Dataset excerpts
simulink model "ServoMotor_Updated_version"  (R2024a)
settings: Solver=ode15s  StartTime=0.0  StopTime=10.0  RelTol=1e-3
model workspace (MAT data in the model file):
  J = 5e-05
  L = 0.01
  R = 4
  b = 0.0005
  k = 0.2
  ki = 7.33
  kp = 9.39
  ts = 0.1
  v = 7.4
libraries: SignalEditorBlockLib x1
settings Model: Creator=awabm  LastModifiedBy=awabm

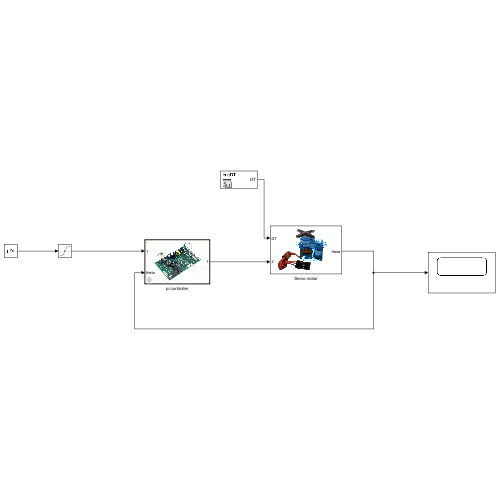
[thumbnail: Simulink's stored preview of the top-level diagram]
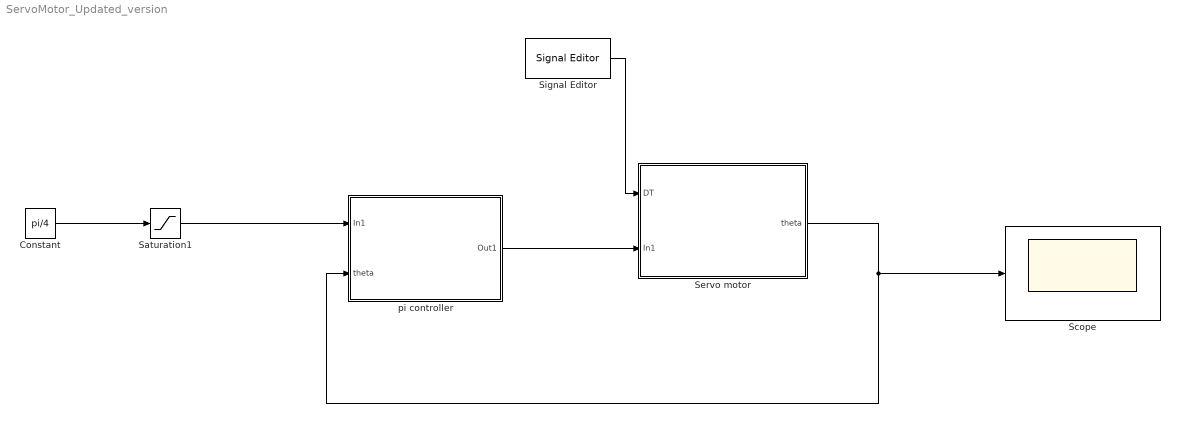
== system ServoMotor_Updated_version ==
  Constant : Constant  Value=pi/4
  Saturation1 : Saturate  UpperLimit=pi/4  LowerLimit=-pi/4
  Scope : Scope
  Servo motor : Subsystem
      mask Display: image('Micro_servo.jpg');
  Signal Editor : SignalEditorBlockLib/Signal Editor  FileName=C:\Users\awabm\OneDrive\سطح المكتب\Coursera\Modeling and Simulation with Simulink\Creating Test Scenarios and Comparing Simulations_2\DT.mat  ActiveScenario=largDT  ActiveSignal=DT  IsBus=off  OutputBusObjectStr=Bus: BusObject  SampleTime=0  Interpolate=off  ZeroCross=off  OutputAfterFinalValue=Setting to zero  Unit=inherit  PreserveSignalName=on  ApplySigPropsToAllScenarios=on  ApplySigPropsToAllSignals=off
  pi controller : Subsystem  TreatAsAtomicUnit=on  mask{kp=9.39, ki=7.33, ts=.01}
      mask prompts: kp "proportional gain"; ki "integral gain"; ts "sample time"
      mask Display: image('1575270966_s-l1600.jpg');
  wires:
  Constant/1 -> Saturation1/1
  Servo motor/1(theta) -> pi controller/2(theta), Scope/1
  Saturation1/1 -> pi controller/1(In1)
  pi controller/1(Out1) -> Servo motor/2(In1)
  Signal Editor/1 -> Servo motor/1(DT)

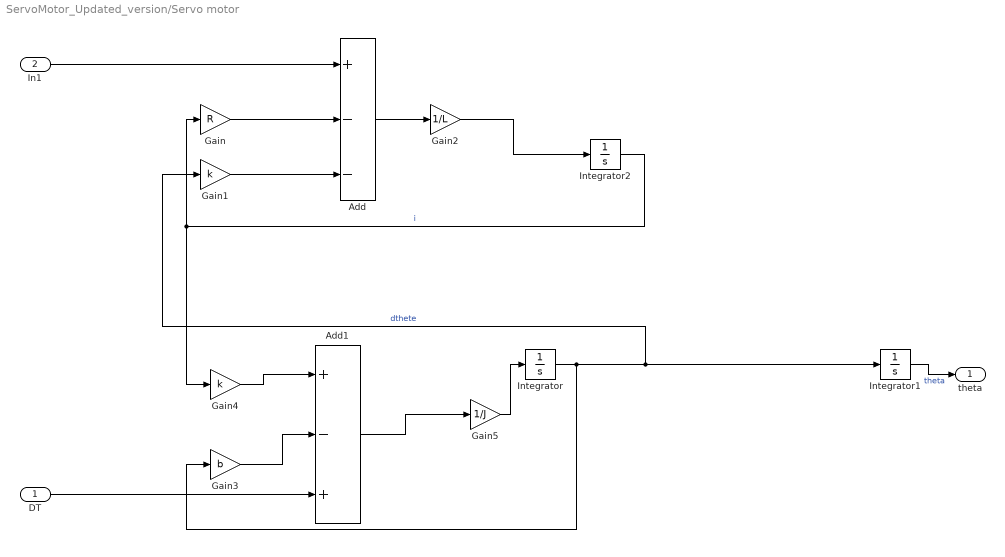
== system ServoMotor_Updated_version/Servo motor ==
  DT : Inport
  In1 : Inport  Port=2
  Add : Sum  Inputs=+--
  Add1 : Sum  Inputs=+-+
  Gain : Gain  Gain=R
  Gain1 : Gain  Gain=k
  Gain2 : Gain  Gain=1/L
  Gain3 : Gain  Gain=b
  Gain4 : Gain  Gain=k
  Gain5 : Gain  Gain=1/J
  Integrator : Integrator
  Integrator1 : Integrator
  Integrator2 : Integrator
  theta : Outport
  wires:
  Integrator/1 -> Gain3/1, Integrator1/1, Gain1/1  "dthete"
  Integrator2/1 -> Gain4/1, Gain/1  "i"
  Gain5/1 -> Integrator/1
  Gain3/1 -> Add1/2
  Add1/1 -> Gain5/1
  Gain/1 -> Add/2
  Add/1 -> Gain2/1
  Gain4/1 -> Add1/1
  In1/1 -> Add/1
  Gain1/1 -> Add/3
  Gain2/1 -> Integrator2/1
  Integrator1/1 -> theta/1  "theta"
  DT/1 -> Add1/3

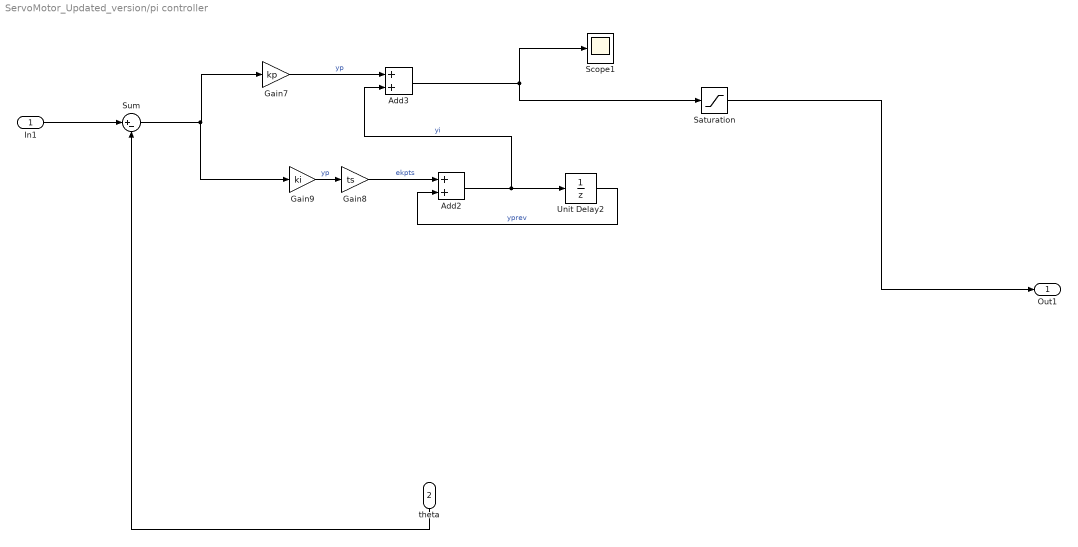
== system ServoMotor_Updated_version/pi controller ==
  In1 : Inport
  theta : Inport  Port=2
  Add2 : Sum
  Add3 : Sum
  Gain7 : Gain  Gain=kp
  Gain8 : Gain  Gain=ts
  Gain9 : Gain  Gain=ki
  Saturation : Saturate  UpperLimit=v  LowerLimit=-v
  Scope1 : Scope
  Sum : Sum  Inputs=|+-
  Unit Delay2 : UnitDelay  SampleTime=ts  HasFrameUpgradeWarning=on
  Out1 : Outport
  wires:
  Add2/1 -> Add3/2, Unit Delay2/1  "yi"
  Unit Delay2/1 -> Add2/2  "yprev"
  Gain7/1 -> Add3/1  "yp"
  Gain8/1 -> Add2/1  "ekpts"
  Sum/1 -> Gain9/1, Gain7/1
  Add3/1 -> Saturation/1, Scope1/1
  Saturation/1 -> Out1/1
  Gain9/1 -> Gain8/1  "yp"
  theta/1 -> Sum/2
  In1/1 -> Sum/1
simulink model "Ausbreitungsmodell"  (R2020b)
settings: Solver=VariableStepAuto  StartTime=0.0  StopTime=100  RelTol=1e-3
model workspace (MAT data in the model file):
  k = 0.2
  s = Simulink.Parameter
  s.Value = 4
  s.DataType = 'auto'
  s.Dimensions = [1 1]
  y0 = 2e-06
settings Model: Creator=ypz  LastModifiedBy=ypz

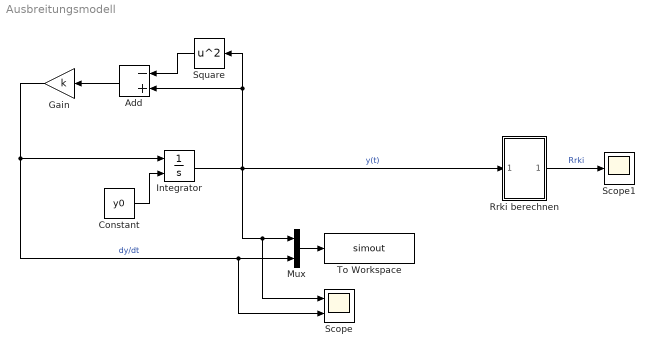
== system Ausbreitungsmodell ==
  Add : Sum  Inputs=-+
  Constant : Constant  Value=y0
  Gain : Gain  Gain=k
  Integrator : Integrator  InitialConditionSource=external
  Mux : Mux  Inputs=2
  Rrki berechnen : Subsystem
  Scope : Scope  NumInputPorts=2
  Scope1 : Scope
  Square : Math  Operator=square  SaturateOnIntegerOverflow=on
  To Workspace : ToWorkspace  VariableName=simout  SaveFormat=Timeseries  SampleTime=-1
  wires:
  Integrator/1 -> Add/2, Square/1, Rrki berechnen/1(y(t)), Scope/1, Mux/1  "y(t)"
  Constant/1 -> Integrator/2
  Square/1 -> Add/1
  Add/1 -> Gain/1
  Gain/1 -> Integrator/1, Scope/2, Mux/2  "dy/dt"
  Mux/1 -> To Workspace/1
  Rrki berechnen/1(Rrki) -> Scope1/1  "Rrki"

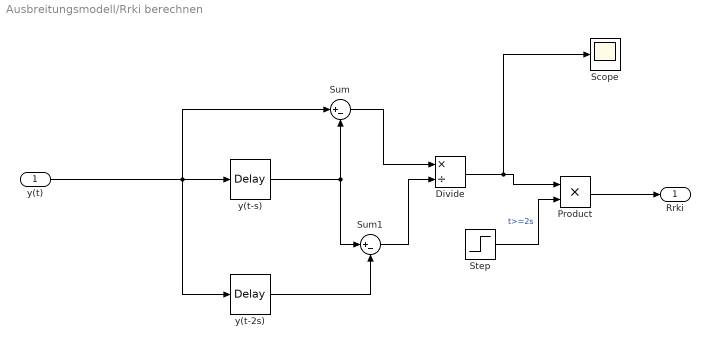
== system Ausbreitungsmodell/Rrki berechnen ==
  y(t) : Inport
  Divide : Product  Inputs=*/
  Product : Product
  Scope : Scope
  Step : Step  Time=2*s  SampleTime=0
  Sum : Sum  Inputs=|+-
  Sum1 : Sum  Inputs=|+-
  y(t-2s) : TransportDelay  DelayTime=2*s  InitialOutput=1*10*-8
  y(t-s) : TransportDelay  DelayTime=s  InitialOutput=1*10^-8
  Rrki : Outport
  wires:
  y(t-s)/1 -> Sum/2, Sum1/1
  y(t)/1 -> y(t-2s)/1, Sum/1, y(t-s)/1
  y(t-2s)/1 -> Sum1/2
  Sum/1 -> Divide/1
  Sum1/1 -> Divide/2
  Step/1 -> Product/2  "t>=2s"
  Divide/1 -> Scope/1, Product/1
  Product/1 -> Rrki/1
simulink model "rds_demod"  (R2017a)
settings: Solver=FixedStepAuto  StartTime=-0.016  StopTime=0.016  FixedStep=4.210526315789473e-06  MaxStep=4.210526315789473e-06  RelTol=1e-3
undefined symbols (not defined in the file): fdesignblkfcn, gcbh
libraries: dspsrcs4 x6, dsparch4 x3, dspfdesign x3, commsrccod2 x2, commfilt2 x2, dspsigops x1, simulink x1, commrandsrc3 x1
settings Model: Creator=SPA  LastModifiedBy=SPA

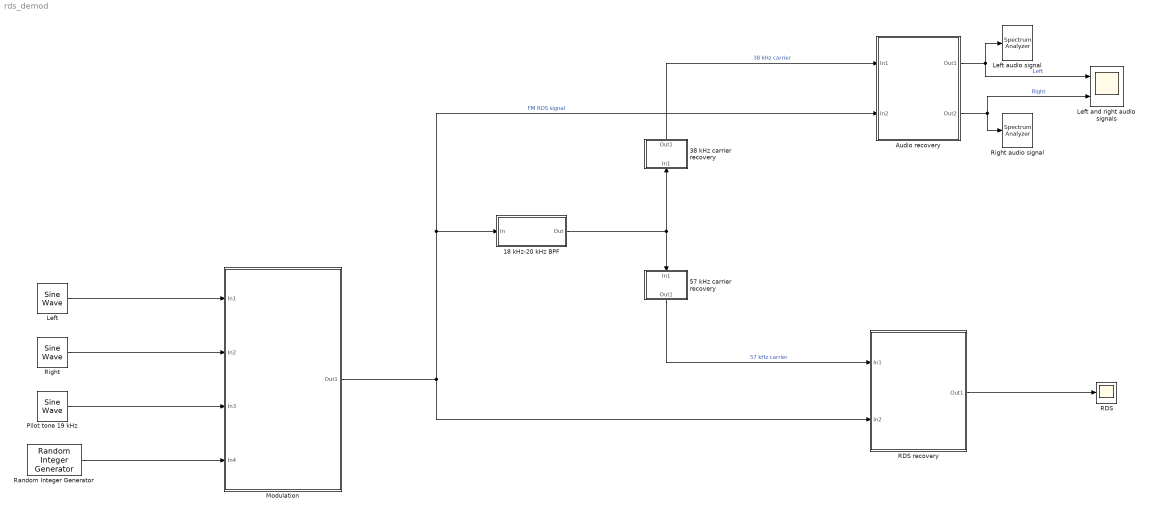
== system rds_demod ==
  "18 kHz-20 kHz BPF " : Subsystem  DialogController=fdesignblkfcn  InitFcn=fdesignblkfcn(gcbh, {'InitFcn'});  mask(Bandpass Filter){}
      mask help: Design a bandpass filter
      settings: CopyFcn=fdesignblkfcn(gcbh, {'CopyFcn'});
      mask Help: helpview(mapfilelocation('dsp'), 'dspbandpassfilter');
      mask Display: disp('Bandpass');
  38 kHz carrier recovery : Subsystem
  57 kHz carrier recovery : Subsystem
  Audio recovery : Subsystem
  Left : dspsrcs4/Sine Wave  Amplitude=1  Frequency=1000  Phase=0  SampleMode=Discrete  OutComplex=Real  CompMethod=Trigonometric fcn  TableSize=Speed  SampleTime=4.210526315789473e-06  SamplesPerFrame=7600  ResetState=Restart at time zero  OutputFrames=off  dataType=double  wordLen=16  udDataType=sfix(16)  fracBitsMode=Best precision  numFracBits=15  OutDataTypeStr=double  LastOutDataTypeStr=double
  Left and right audio signals : Scope  NumInputPorts=2
  Left audio signal : SpectrumAnalyzer
  Modulation : Subsystem
  "Pilot tone 19 kHz " : dspsrcs4/Sine Wave  Amplitude=1  Frequency=19000  Phase=pi/2  SampleMode=Discrete  OutComplex=Real  CompMethod=Trigonometric fcn  TableSize=Speed  SampleTime=4.210526315789473e-06  SamplesPerFrame=7600  ResetState=Restart at time zero  OutputFrames=off  dataType=double  wordLen=16  udDataType=sfix(16)  fracBitsMode=Best precision  numFracBits=15  OutDataTypeStr=double  LastOutDataTypeStr=double
  RDS : Scope
  RDS recovery : Subsystem
  Random Integer Generator : commrandsrc3/Random Integer Generator  SetSize=2  SeedSource=Auto  Seed=0  SampleTime=8.421052631578947e-04  SamplesPerFrame=38  OutputDataType=double  SimulateUsing=Interpreted execution
  "Right " : dspsrcs4/Sine Wave  Amplitude=1  Frequency=1000  Phase=pi/2  SampleMode=Discrete  OutComplex=Real  CompMethod=Trigonometric fcn  TableSize=Speed  SampleTime=4.210526315789473e-06  SamplesPerFrame=7600  ResetState=Restart at time zero  OutputFrames=off  dataType=double  wordLen=16  udDataType=sfix(16)  fracBitsMode=Best precision  numFracBits=15  OutDataTypeStr=double  LastOutDataTypeStr=double
  Right audio signal : SpectrumAnalyzer
  wires:
  Left/1 -> Modulation/1(In1)
  "Right "/1 -> Modulation/2(In2)
  "Pilot tone 19 kHz "/1 -> Modulation/3(In3)
  Random Integer Generator/1 -> Modulation/4(In4)
  Modulation/1(Out1) -> Audio recovery/2(In2), "18 kHz-20 kHz BPF "/1(In), RDS recovery/2(In2)  "FM RDS signal"
  Audio recovery/1(Out1) -> Left audio signal/1, Left and right audio signals/1  "Left"
  Audio recovery/2(Out2) -> Left and right audio signals/2, Right audio signal/1  "Right"
  "18 kHz-20 kHz BPF "/1(Out) -> 57 kHz carrier recovery/1(In1), 38 kHz carrier recovery/1(In1)
  57 kHz carrier recovery/1(Out1) -> RDS recovery/1(In1)  "57 kHz carrier"
  RDS recovery/1(Out1) -> RDS/1
  38 kHz carrier recovery/1(Out1) -> Audio recovery/1(In1)  "38 kHz carrier"

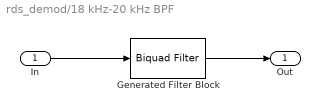
== system rds_demod/18 kHz-20 kHz BPF  ==
  In : Inport
  Generated Filter Block : dsparch4/Biquad Filter  Tag=BlockMethodSubSystem  IIRFiltStruct=Direct form II  CoeffSource=Specify via dialog  BiQuadCoeffs=[0.008601201313701793 0 -0.008601201313701793 1 -1.7134089908174195 0.95457761777785965;0.84304638030403589 -1.5277617856191519 0.84304638030403589 1 -1.7727299559973697 0.98924429792158808;0.36537559525070973 -0.61285033451613291 0.36537559525070973 1 -1.7101480972533125 0.98792129927163885;0.52851488207072794 -0.97227475020803666 0.52851488207072783 1 -1.7443794626716673 0.96749014536608791;1.2309143114658998 -2 1.2309143114659002 1 -1.7012070005386009 0.9648771169676289]  a0Flag=Warning  IC=0  ICnum=0  ICden=0  InputProcessing=Columns as channels (frame based)  denAccumFracLength=30  denProdOutputFracLength=30  secondMemoryFracLength=15  roundingMode=Floor  overflowMode=off  ScaleValues=[0.021838140034840713;1;1;1;1;8.0323949663138663]  optimizeScaleValues=off  ScaleValueMode=Specify via input port (g)  scaleValueFracLength=14  FilterSource=Specify via dialog  FilterObject=BQF
      settings: SourceProductName=DSP System Toolbox
  Out : Outport
  wires:
  In/1 -> Generated Filter Block/1
  Generated Filter Block/1 -> Out/1

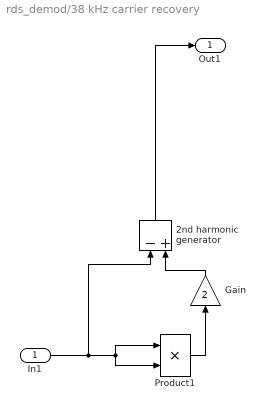
== system rds_demod/38 kHz carrier recovery ==
  In1 : Inport
  2nd harmonic generator : Sum  Inputs=-|+
  Gain : Gain  Gain=2
  Product1 : Product  Inputs=**
  Out1 : Outport
  wires:
  Product1/1 -> Gain/1
  In1/1 -> 2nd harmonic generator/1, Product1/2, Product1/1
  Gain/1 -> 2nd harmonic generator/2
  2nd harmonic generator/1 -> Out1/1

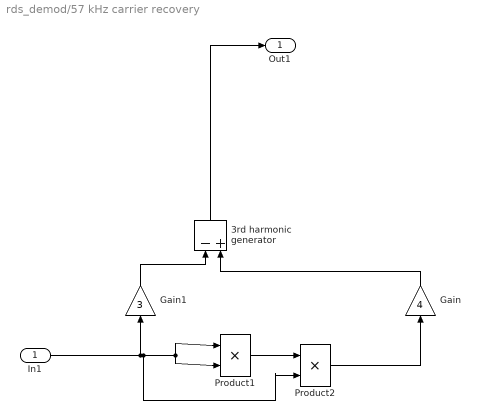
== system rds_demod/57 kHz carrier recovery ==
  In1 : Inport
  3rd harmonic generator : Sum  Inputs=-|+
  Gain : Gain  Gain=4
  Gain1 : Gain  Gain=3
  Product1 : Product  Inputs=**
  Product2 : Product  Inputs=**
  Out1 : Outport
  wires:
  Gain1/1 -> 3rd harmonic generator/1
  Product2/1 -> Gain/1
  Product1/1 -> Product2/1
  In1/1 -> Product1/1, Product1/2, Product2/2, Gain1/1
  Gain/1 -> 3rd harmonic generator/2
  3rd harmonic generator/1 -> Out1/1

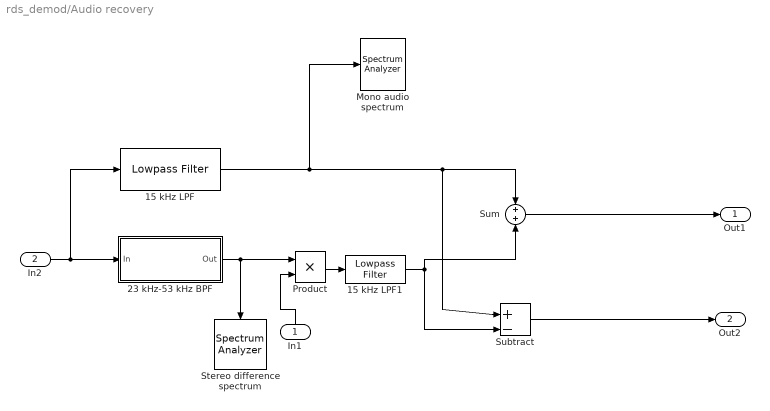
== system rds_demod/Audio recovery ==
  In1 : Inport
  In2 : Inport  Port=2
  15 kHz LPF : dspfdesign/Lowpass Filter  FilterType=FIR  DesignForMinimumOrder=on  FilterOrder=50  PassbandFrequency=15e3  StopbandFrequency=16e3  PassbandRipple=0.1  StopbandAttenuation=80  InheritSampleRate=off  SampleRate=237500  SimulateUsing=Interpreted execution  roundingMode=Floor  coeffsDataTypeStr=fixdt(1,16)
  15 kHz LPF1 : dspfdesign/Lowpass Filter  FilterType=FIR  DesignForMinimumOrder=on  FilterOrder=50  PassbandFrequency=15e3  StopbandFrequency=16e3  PassbandRipple=0.1  StopbandAttenuation=80  InheritSampleRate=on  SampleRate=44100  SimulateUsing=Interpreted execution  roundingMode=Floor  coeffsDataTypeStr=fixdt(1,16)
  23 kHz-53 kHz BPF : Subsystem  DialogController=fdesignblkfcn  InitFcn=fdesignblkfcn(gcbh, {'InitFcn'});  mask(Bandpass Filter){}
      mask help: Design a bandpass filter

# What the exercise asks
Return the lines above from the one with "Add1/1 -> Gain5/1" through the one with "Gain7 : Gain", verbatim and nothing else. Omit every picture.

# Response for this exercise
  Add1/1 -> Gain5/1
  Gain/1 -> Add/2
  Add/1 -> Gain2/1
  Gain4/1 -> Add1/1
  In1/1 -> Add/1
  Gain1/1 -> Add/3
  Gain2/1 -> Integrator2/1
  Integrator1/1 -> theta/1  "theta"
  DT/1 -> Add1/3

== system ServoMotor_Updated_version/pi controller ==
  In1 : Inport
  theta : Inport  Port=2
  Add2 : Sum
  Add3 : Sum
  Gain7 : Gain  Gain=kp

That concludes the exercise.